* **Items from a dataset**
☆ ☆ ☆ ☆ ☆ ☆ ☆
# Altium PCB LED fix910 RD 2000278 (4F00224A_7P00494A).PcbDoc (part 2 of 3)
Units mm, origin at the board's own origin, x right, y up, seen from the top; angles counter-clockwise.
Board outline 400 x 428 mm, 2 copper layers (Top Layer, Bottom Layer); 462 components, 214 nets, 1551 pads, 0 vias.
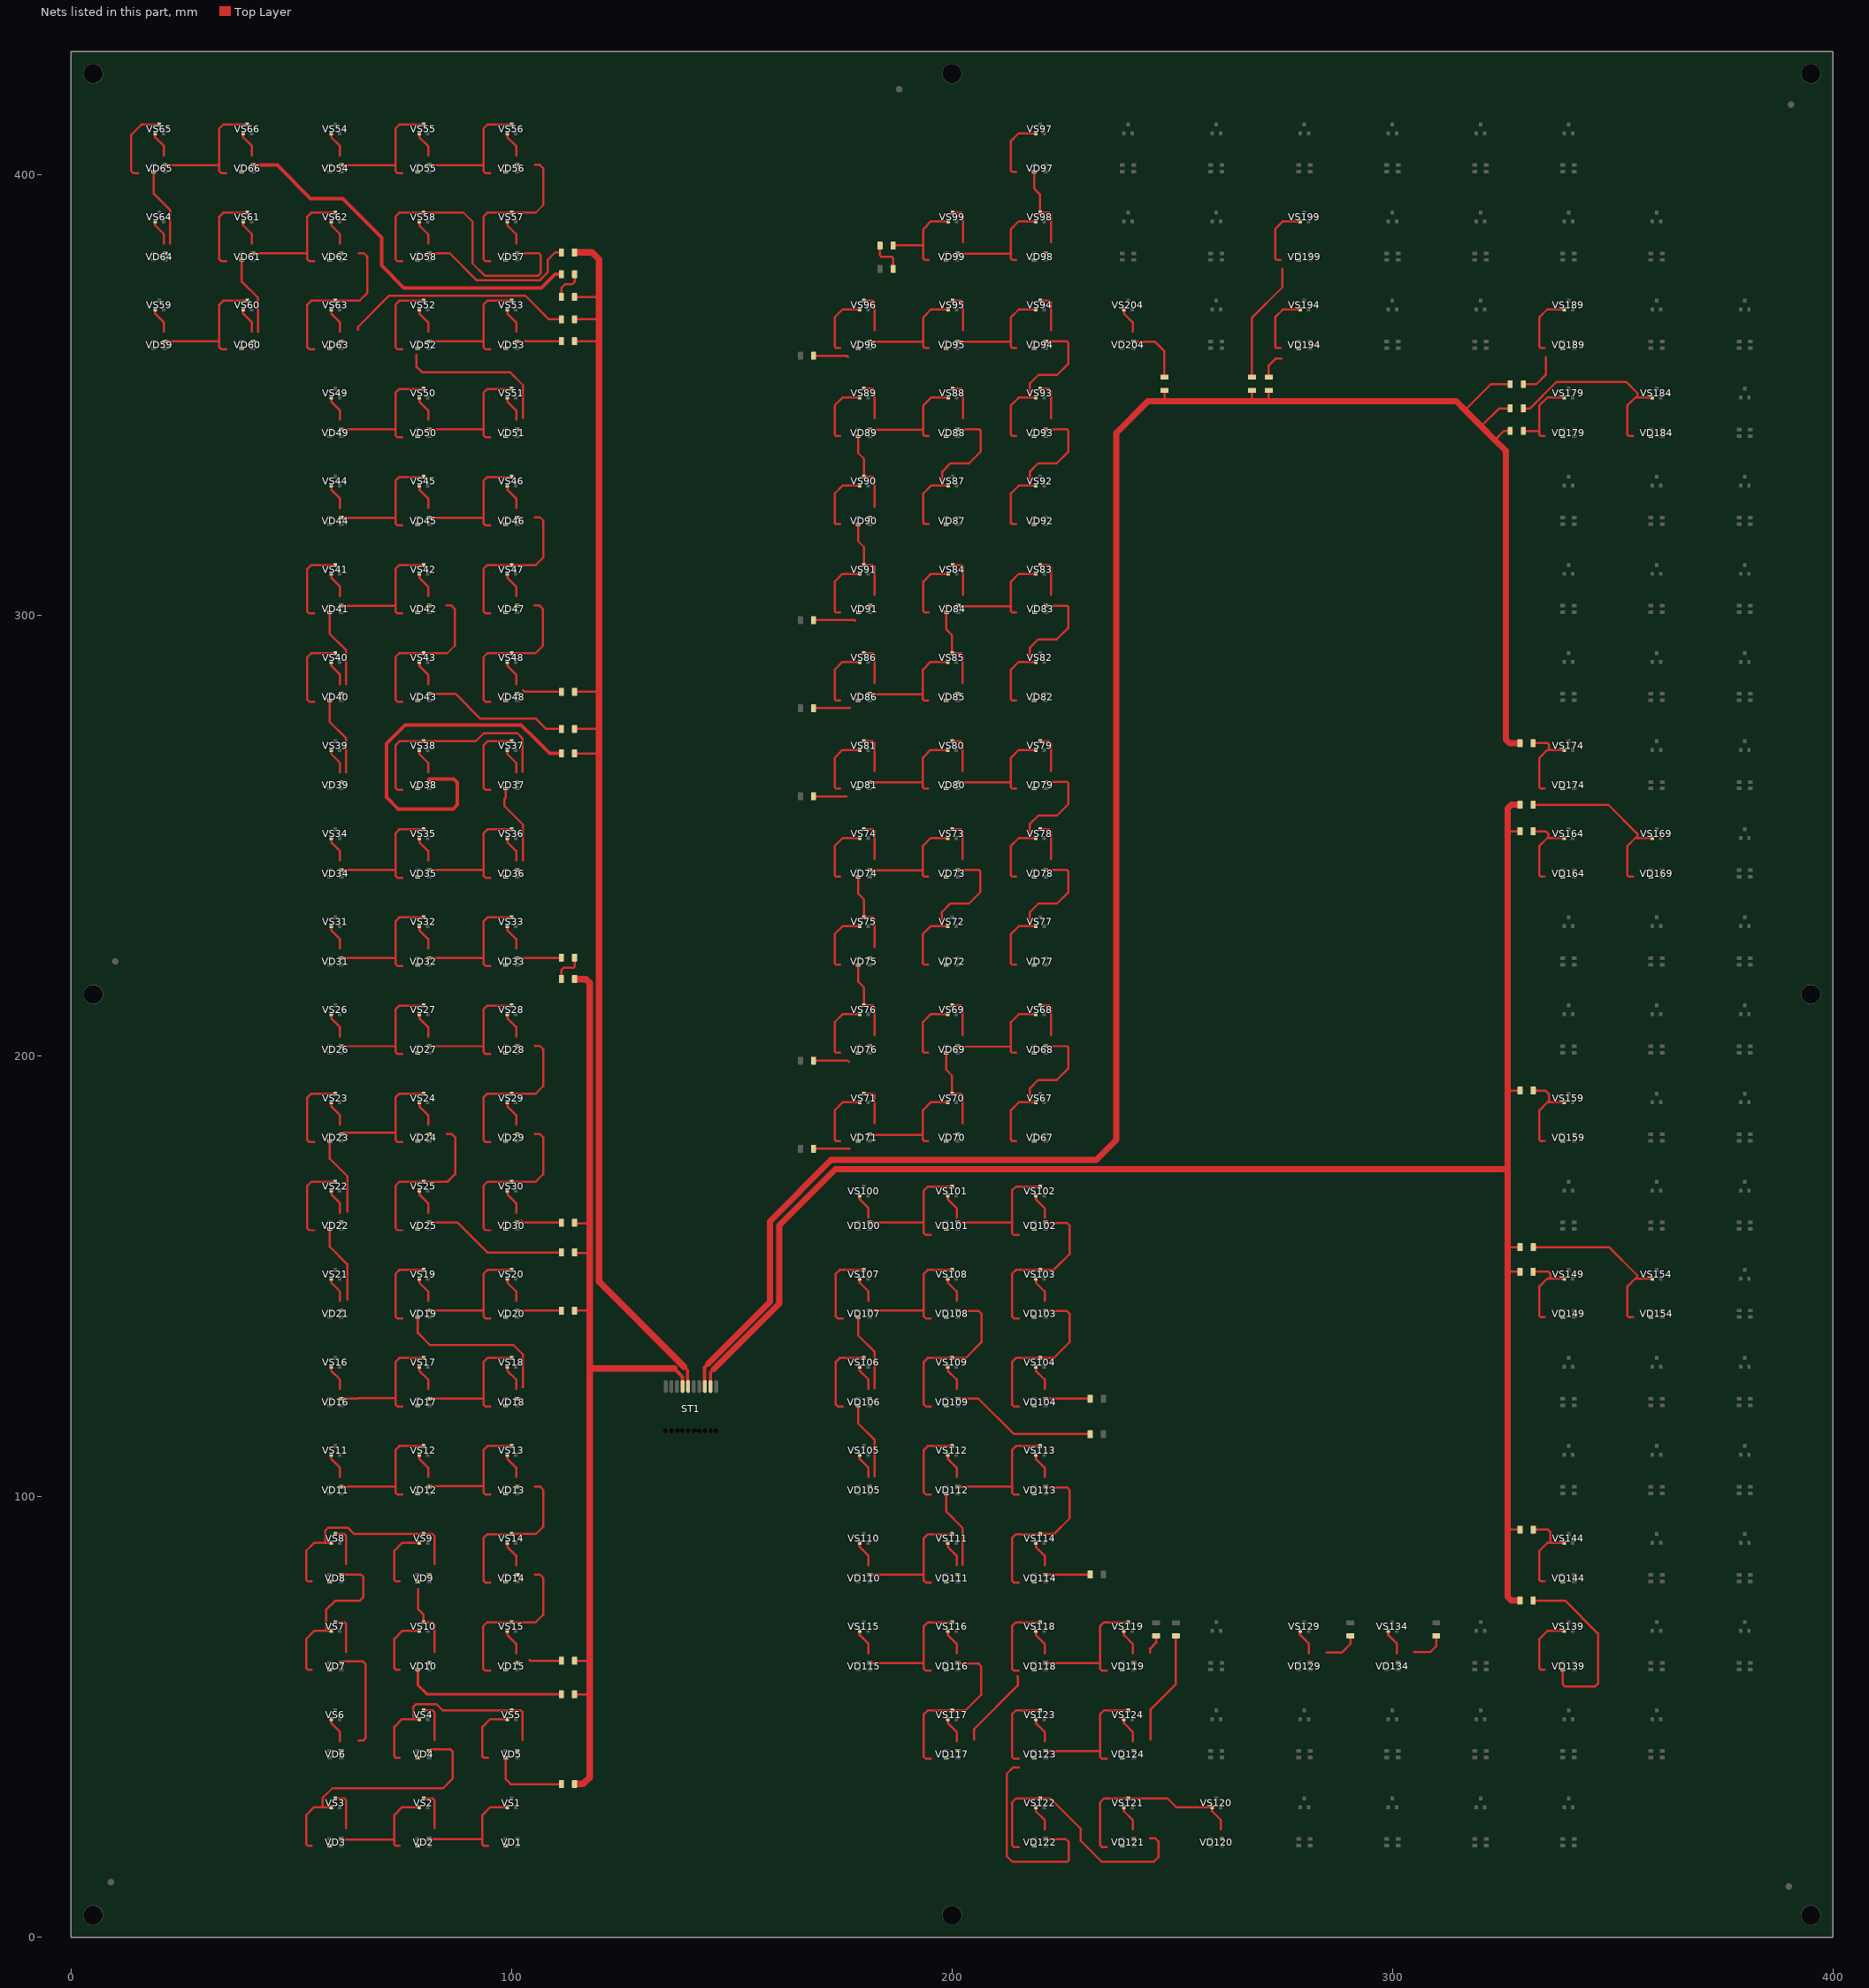
[diagram p2: the nets of this part, all layers, seen from the top]

## Nets (pads, with @x,y where several pads share a name; then routed paths per layer and width w, separated by ;. In a path a pad name is that pad's centre, name@x,y a point inside that pad or via, vN(x,y) a via of type N, cw(c..) or ccw(c..) an arc to the next point about the centre after c; other vN are vias at no path point) (continued)
C: R1.2 R2.2 R3.2 R4.2 R5.2 R6.2 R8.2 ST1.4 | length 229.2
  Top Layer w0.5: R2.2@114.3,55.1 117.575,55.1 117.7,54.975 ; R3.2@114.3,62.762 117.637,62.762 117.7,62.825 ; R4.2@114.3,142.225 117.55,142.225 117.7,142.375 ; R5.2@114.3,155.45 114.425,155.325 117.7,155.325 ; R6.2@114.3,162.2 114.475,162.025 117.7,162.025
  Top Layer w0.8: 136.95,129.05 138.81,127.19 ST1.4@138.81,125
  Top Layer w1.5: R1.2@114.475,34.775 116.257,34.775 117.7,36.218 117.7,54.975 117.7,62.825 117.7,129.05 ; R8.2@114.475,217.502 116.821,217.502 117.7,216.624 117.7,162.025 117.7,155.325 117.7,142.375 117.7,129.05 ; 136.95,129.05 117.7,129.05
D: R9.2 R10.2 R11.2 R12.2 R13.2 R14.2 R16.2 ST1.5 | length 304
  Top Layer w0.5: R9.2@114.3,268.7 119.875,268.7 119.9,268.725 ; R10.2@114.3,274.279 119.896,274.279 119.9,274.275 ; R11.2@114.3,282.707 119.682,282.707 119.9,282.925 ; R12.2@114.3,362.291 119.891,362.291 119.9,362.3 ; R14.2@114.3,367.275 119.85,367.275 119.9,367.325 ; R16.2@114.3,372.325 119.85,372.325 119.9,372.375
  Top Layer w0.75: 139.12,129.53 139.94,128.71 139.94,126.204 140.08,126.064 ST1.5@140.08,125
  Top Layer w1.5: R13.2@114.55,382.451 118.274,382.451 119.9,380.825 119.9,372.375 119.9,367.325 119.9,362.3 119.9,282.925 119.9,274.275 119.9,268.725 119.9,148.75 139.12,129.53
F: R32.2 R33.2 R34.2 R35.2 R36.2 R37.2 R38.2 ST1.9 | length 412.5
  Top Layer w0.5: 326.2,92.45 326.25,92.5 R33.2@328.975,92.5 ; 326.2,151.25 326.4,151.05 R34.2@328.97,151.05 ; 326.2,156.725 326.3,156.625 R35.2@328.975,156.625 ; 326.2,192.2 R36.2@328.975,192.2 ; 326.2,251.05 R37.2@328.97,251.05
  Top Layer w0.75: ST1.9@145.173,125.014 145.173,128.223 145.925,128.975
  Top Layer w1.4: 145.925,128.975 160.775,143.825 160.775,161.6 173.525,174.35 326.087,174.35 326.2,174.463 ; R32.2@328.725,76.411 327.02,76.411 326.2,77.231 326.2,92.45 326.2,151.25 326.2,156.725 326.2,174.463 ; R38.2@328.725,257.05 327.02,257.05 326.2,256.23 326.2,251.05 326.2,192.2 326.2,174.463
G: R39.2 R40.2 R41.2 R42.2 R43.2 R44.2 R45.2 ST1.8 | length 488.6
  Top Layer w0.5: R45.2@248.25,351.125 248.25,348.825 248.425,348.65 ; R44.2@268.1,351.125 268.1,348.675 268.125,348.65 ; R43.2@271.921,351.129 271.85,351.058 271.85,348.95 272.15,348.65 ; 316.475,346.675 322.328,352.528 R42.2@326.745,352.528 ; 320.163,342.987 324.224,347.049 R41.2@326.745,347.049 ; 323.287,339.863 325.325,341.9 R40.2@326.745,341.9
  Top Layer w0.8: ST1.8@143.89,125 143.89,126.05 143.775,126.165 143.775,129.35 144.575,130.15
  Top Layer w1.4: 144.575,130.15 158.625,144.2 158.625,162.525 172.55,176.45 232.8,176.45 237.275,180.925 237.275,341.45 244.475,348.65 248.425,348.65 268.125,348.65 272.15,348.65 314.5,348.65 316.475,346.675 320.163,342.987 323.287,339.863 325.75,337.4 325.75,271.845 326.57,271.025 R39.2@328.845,271.025
NetR1_1: R1.1 VD5.1 VS5.1 | length 32.2
  Top Layer w0.5: 94.6,40.75 93.668,40.75 93.375,41.043 93.375,47.725 95.15,49.5 VS5.1@99.05,49.5 ; VD5.1@98.7,40.75 98.7,35.825 99.787,34.738 R1.1@111.1,34.738
NetR2_1: R2.1 VD10.1 VS10.1 | length 51.2
  Top Layer w0.5: 74.6,60.75 73.668,60.75 73.375,61.043 73.375,67.725 75.15,69.5 VS10.1@79.05,69.5
  Top Layer w0.6: VD10.1@78.7,60.75 78.7,57.25 80.775,55.175 R2.1@111.151,55.175
NetR3_1: R3.1 VD15.1 VS15.1 | length 13.2
  Top Layer w0.5: VS15.1@99.05,69.5 99.05,68.575 101.05,66.575 101.05,64.45 ; 104.05,62.875 104.163,62.762 R3.1@111.3,62.762
NetR4_1: R4.1 VD20.1 VS20.1 | length 15.9
  Top Layer w0.5: VS20.1@99.05,149.5 99.05,148.575 101.05,146.575 101.05,144.45 ; VD20.1@101.3,142.25 R4.1@111.278,142.25
NetR5_1: R5.1 VD25.1 VS25.1 | length 38.7
  Top Layer w0.5: VS25.1@79.05,169.5 79.05,168.575 81.05,166.575 81.05,164.45 ; VD25.1@81.3,162.25 87.675,162.25 94.475,155.45 R5.1@111.3,155.45
NetR6_1: R6.1 VD30.1 VS30.1 | length 15.1
  Top Layer w0.5: VS30.1@99.05,169.5 99.05,168.575 101.05,166.575 101.05,164.45 ; 102.275,162.6 102.675,162.2 R6.1@111.3,162.2
NetR7_1: R7.1 VD33.1 VS33.1 | length 15.9
  Top Layer w0.5: VS33.1@99.05,229.5 99.05,228.575 101.05,226.575 101.05,224.45 ; VD33.1@101.3,222.25 111.178,222.25 R7.1@111.3,222.372
NetR7_2: R7.2 R8.1 | length 7.5
  Top Layer w0.5: R8.1@111.3,217.511 111.3,219.525 111.85,220.075 114.082,220.075 114.375,220.368 114.375,222.297 R7.2@114.3,222.372
NetR9_1: R9.1 VD38.1 VS38.1 | length 91.7
  Top Layer w0.5: VS38.1@79.05,269.5 79.05,268.575 81.05,266.575 81.05,264.45
  Top Layer w0.8: 81.2,262.925 86.9,262.925 87.7,262.125 87.7,257.1 86.725,256.125 74.225,256.125 71.575,258.775 71.575,270.925 75.85,275.2 102.125,275.2 105.325,272 108.625,268.7 R9.1@111.3,268.7
NetR10_1: R10.1 VD43.1 VS43.1 | length 39.2
  Top Layer w0.5: VS43.1@79.05,289.5 79.05,288.575 81.05,286.575 81.05,284.45 ; VD43.1@81.3,282.25 87.275,282.25 92.925,276.6 105.546,276.6 107.867,274.279 R10.1@111.3,274.279
NetR11_1: R11.1 VD48.1 VS48.1 | length 14.7
  Top Layer w0.5: VS48.1@99.05,289.5 99.05,288.575 101.05,286.575 101.05,284.45 ; 102.575,283.05 102.918,282.707 R11.1@111.3,282.707
NetR12_1: R12.1 VD53.1 VS53.1 | length 14.1
  Top Layer w0.5: VS53.1@99.05,369.503 99.05,368.578 101.05,366.578 101.05,364.453 ; 103.075,362.35 103.134,362.291 R12.1@111.3,362.291
NetR13_1: R13.1 VD58.1 VS58.1 | length 42.7
  Top Layer w0.5: VS58.1@79.05,389.5 79.05,388.575 81.05,386.575 81.05,384.45 ; VD58.1@81.3,382.253 85.922,382.253 92,376.175 106.45,376.175 108.175,377.9 108.175,380.725 109.901,382.451 R13.1@111.3,382.451
NetR14_1: R14.1 VD63.1 VS63.1 | length 57.9
  Top Layer w0.5: VS63.1@59.05,369.5 59.05,368.575 61.05,366.575 61.05,364.45 ; 65.125,364.875 65.125,365.575 72.2,372.65 103.075,372.65 108.45,367.275 R14.1@111.3,367.275
NetR15_1: R15.1 VD66.1 VS66.1 | length 92.4
  Top Layer w0.5: VS66.1@39.05,409.5 39.05,408.575 41.05,406.575 41.05,404.45
  Top Layer w0.8: VD66.1@41.3,402.253 46.822,402.253 54.375,394.7 61.65,394.7 70.5,385.85 70.5,379.45 75.55,374.4 106.75,374.4 109.825,377.475 R15.1@111.3,377.475
NetR15_2: R15.2 R16.1 | length 7.3
  Top Layer w0.5: R16.1@111.3,372.325 111.3,374.375 112.125,375.2 113.725,375.2 114.3,375.775 R15.2@114.3,377.475
NetR17_1: R17.1 VD71.1 VS71.1 | length 22.6
  Top Layer w0.5: R17.1@168.575,178.975 176.675,178.975 176.7,178.95 ; 174.6,180.75 173.668,180.75 173.375,181.043 173.375,187.725 175.15,189.5 VS71.1@179.05,189.5
NetR18_1: R18.1 VD76.1 VS76.1 | length 22.6
  Top Layer w0.5: R18.1@168.575,198.975 176.3,198.975 176.575,198.7 ; 174.6,200.75 173.668,200.75 173.375,201.043 173.375,207.725 175.15,209.5 VS76.1@179.05,209.5
NetR19_1: R19.1 VD81.1 VS81.1 | length 21.9
  Top Layer w0.5: R19.1@168.575,258.975 175.975,258.975 176,258.95 ; 174.6,260.75 173.668,260.75 173.375,261.043 173.375,267.725 175.15,269.5 VS81.1@179.05,269.5
NetR20_1: R20.1 VD86.1 VS86.1 | length 22.7
  Top Layer w0.5: R20.1@168.575,278.975 176.675,278.975 176.8,279.1 ; 174.6,280.75 173.668,280.75 173.375,281.043 173.375,287.725 175.15,289.5 VS86.1@179.05,289.5
NetR21_1: R21.1 VD91.1 VS91.1 | length 24
  Top Layer w0.5: R21.1@168.575,298.975 177.85,298.975 178.025,298.8 ; 174.6,300.75 173.668,300.75 173.375,301.043 173.375,307.725 175.15,309.5 VS91.1@179.05,309.5
NetR22_1: R22.1 VD96.1 VS96.1 | length 22.3
  Top Layer w0.5: R22.1@168.575,358.975 176.125,358.975 176.375,358.725 ; 174.6,360.75 173.668,360.75 173.375,361.043 173.375,367.725 175.15,369.5 VS96.1@179.05,369.5
NetR23_1: R23.1 VD99.1 VS99.1 | length 21.3
  Top Layer w0.5: R23.1@186.651,384.025 193.426,384.025 193.476,383.975 ; 194.701,380.75 193.768,380.75 193.476,381.043 193.476,383.975 ; VS99.1@199.15,389.5 195.25,389.5 193.476,387.725 193.476,383.975
NetR23_2: R23.2 R24.1 | length 8
  Top Layer w0.5: R23.2@183.651,384.025 183.651,381.743 183.944,381.45 186.358,381.45 186.651,381.157 R24.1@186.651,378.73
NetR25_1: R25.1 VD104.1 VS104.1 | length 16.2
  Top Layer w0.5: VS104.1@219.05,129.5 219.05,128.575 221.05,126.575 221.05,124.45 ; VD104.1@221.3,122.25 231.05,122.25 231.375,122.575 R25.1@231.375,122.725
NetR26_1: R26.1 VD109.1 VS109.1 | length 39.1
  Top Layer w0.5: VS109.1@199.05,129.5 199.05,128.575 201.05,126.575 201.05,124.45 ; VD109.1@201.3,122.25 206.025,122.25 214.075,114.2 R26.1@231.175,114.2
NetR27_1: R27.1 VD114.1 VS114.1 | length 16.4
  Top Layer w0.5: VS114.1@219.05,89.5 219.05,88.575 221.05,86.575 221.05,84.45 ; VD114.1@221.3,82.25 R27.1@231.375,82.25 ; R27.1@231.05,82.35 R27.1@231.375,82.675
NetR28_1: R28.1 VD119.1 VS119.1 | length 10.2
☆ ☆ ☆ ☆ ☆ ☆ ☆
* **ASSIGNMENT**
All lines above from the one containing "Top Layer w0.5: R2.2@114.3,55.1" to the one containing "G: R39.2 R40.2" must be repeated exactly, both lines included, and no others.

* **EXPECTED ANSWER**
  Top Layer w0.5: R2.2@114.3,55.1 117.575,55.1 117.7,54.975 ; R3.2@114.3,62.762 117.637,62.762 117.7,62.825 ; R4.2@114.3,142.225 117.55,142.225 117.7,142.375 ; R5.2@114.3,155.45 114.425,155.325 117.7,155.325 ; R6.2@114.3,162.2 114.475,162.025 117.7,162.025
  Top Layer w0.8: 136.95,129.05 138.81,127.19 ST1.4@138.81,125
  Top Layer w1.5: R1.2@114.475,34.775 116.257,34.775 117.7,36.218 117.7,54.975 117.7,62.825 117.7,129.05 ; R8.2@114.475,217.502 116.821,217.502 117.7,216.624 117.7,162.025 117.7,155.325 117.7,142.375 117.7,129.05 ; 136.95,129.05 117.7,129.05
D: R9.2 R10.2 R11.2 R12.2 R13.2 R14.2 R16.2 ST1.5 | length 304
  Top Layer w0.5: R9.2@114.3,268.7 119.875,268.7 119.9,268.725 ; R10.2@114.3,274.279 119.896,274.279 119.9,274.275 ; R11.2@114.3,282.707 119.682,282.707 119.9,282.925 ; R12.2@114.3,362.291 119.891,362.291 119.9,362.3 ; R14.2@114.3,367.275 119.85,367.275 119.9,367.325 ; R16.2@114.3,372.325 119.85,372.325 119.9,372.375
  Top Layer w0.75: 139.12,129.53 139.94,128.71 139.94,126.204 140.08,126.064 ST1.5@140.08,125
  Top Layer w1.5: R13.2@114.55,382.451 118.274,382.451 119.9,380.825 119.9,372.375 119.9,367.325 119.9,362.3 119.9,282.925 119.9,274.275 119.9,268.725 119.9,148.75 139.12,129.53
F: R32.2 R33.2 R34.2 R35.2 R36.2 R37.2 R38.2 ST1.9 | length 412.5
  Top Layer w0.5: 326.2,92.45 326.25,92.5 R33.2@328.975,92.5 ; 326.2,151.25 326.4,151.05 R34.2@328.97,151.05 ; 326.2,156.725 326.3,156.625 R35.2@328.975,156.625 ; 326.2,192.2 R36.2@328.975,192.2 ; 326.2,251.05 R37.2@328.97,251.05
  Top Layer w0.75: ST1.9@145.173,125.014 145.173,128.223 145.925,128.975
  Top Layer w1.4: 145.925,128.975 160.775,143.825 160.775,161.6 173.525,174.35 326.087,174.35 326.2,174.463 ; R32.2@328.725,76.411 327.02,76.411 326.2,77.231 326.2,92.45 326.2,151.25 326.2,156.725 326.2,174.463 ; R38.2@328.725,257.05 327.02,257.05 326.2,256.23 326.2,251.05 326.2,192.2 326.2,174.463
G: R39.2 R40.2 R41.2 R42.2 R43.2 R44.2 R45.2 ST1.8 | length 488.6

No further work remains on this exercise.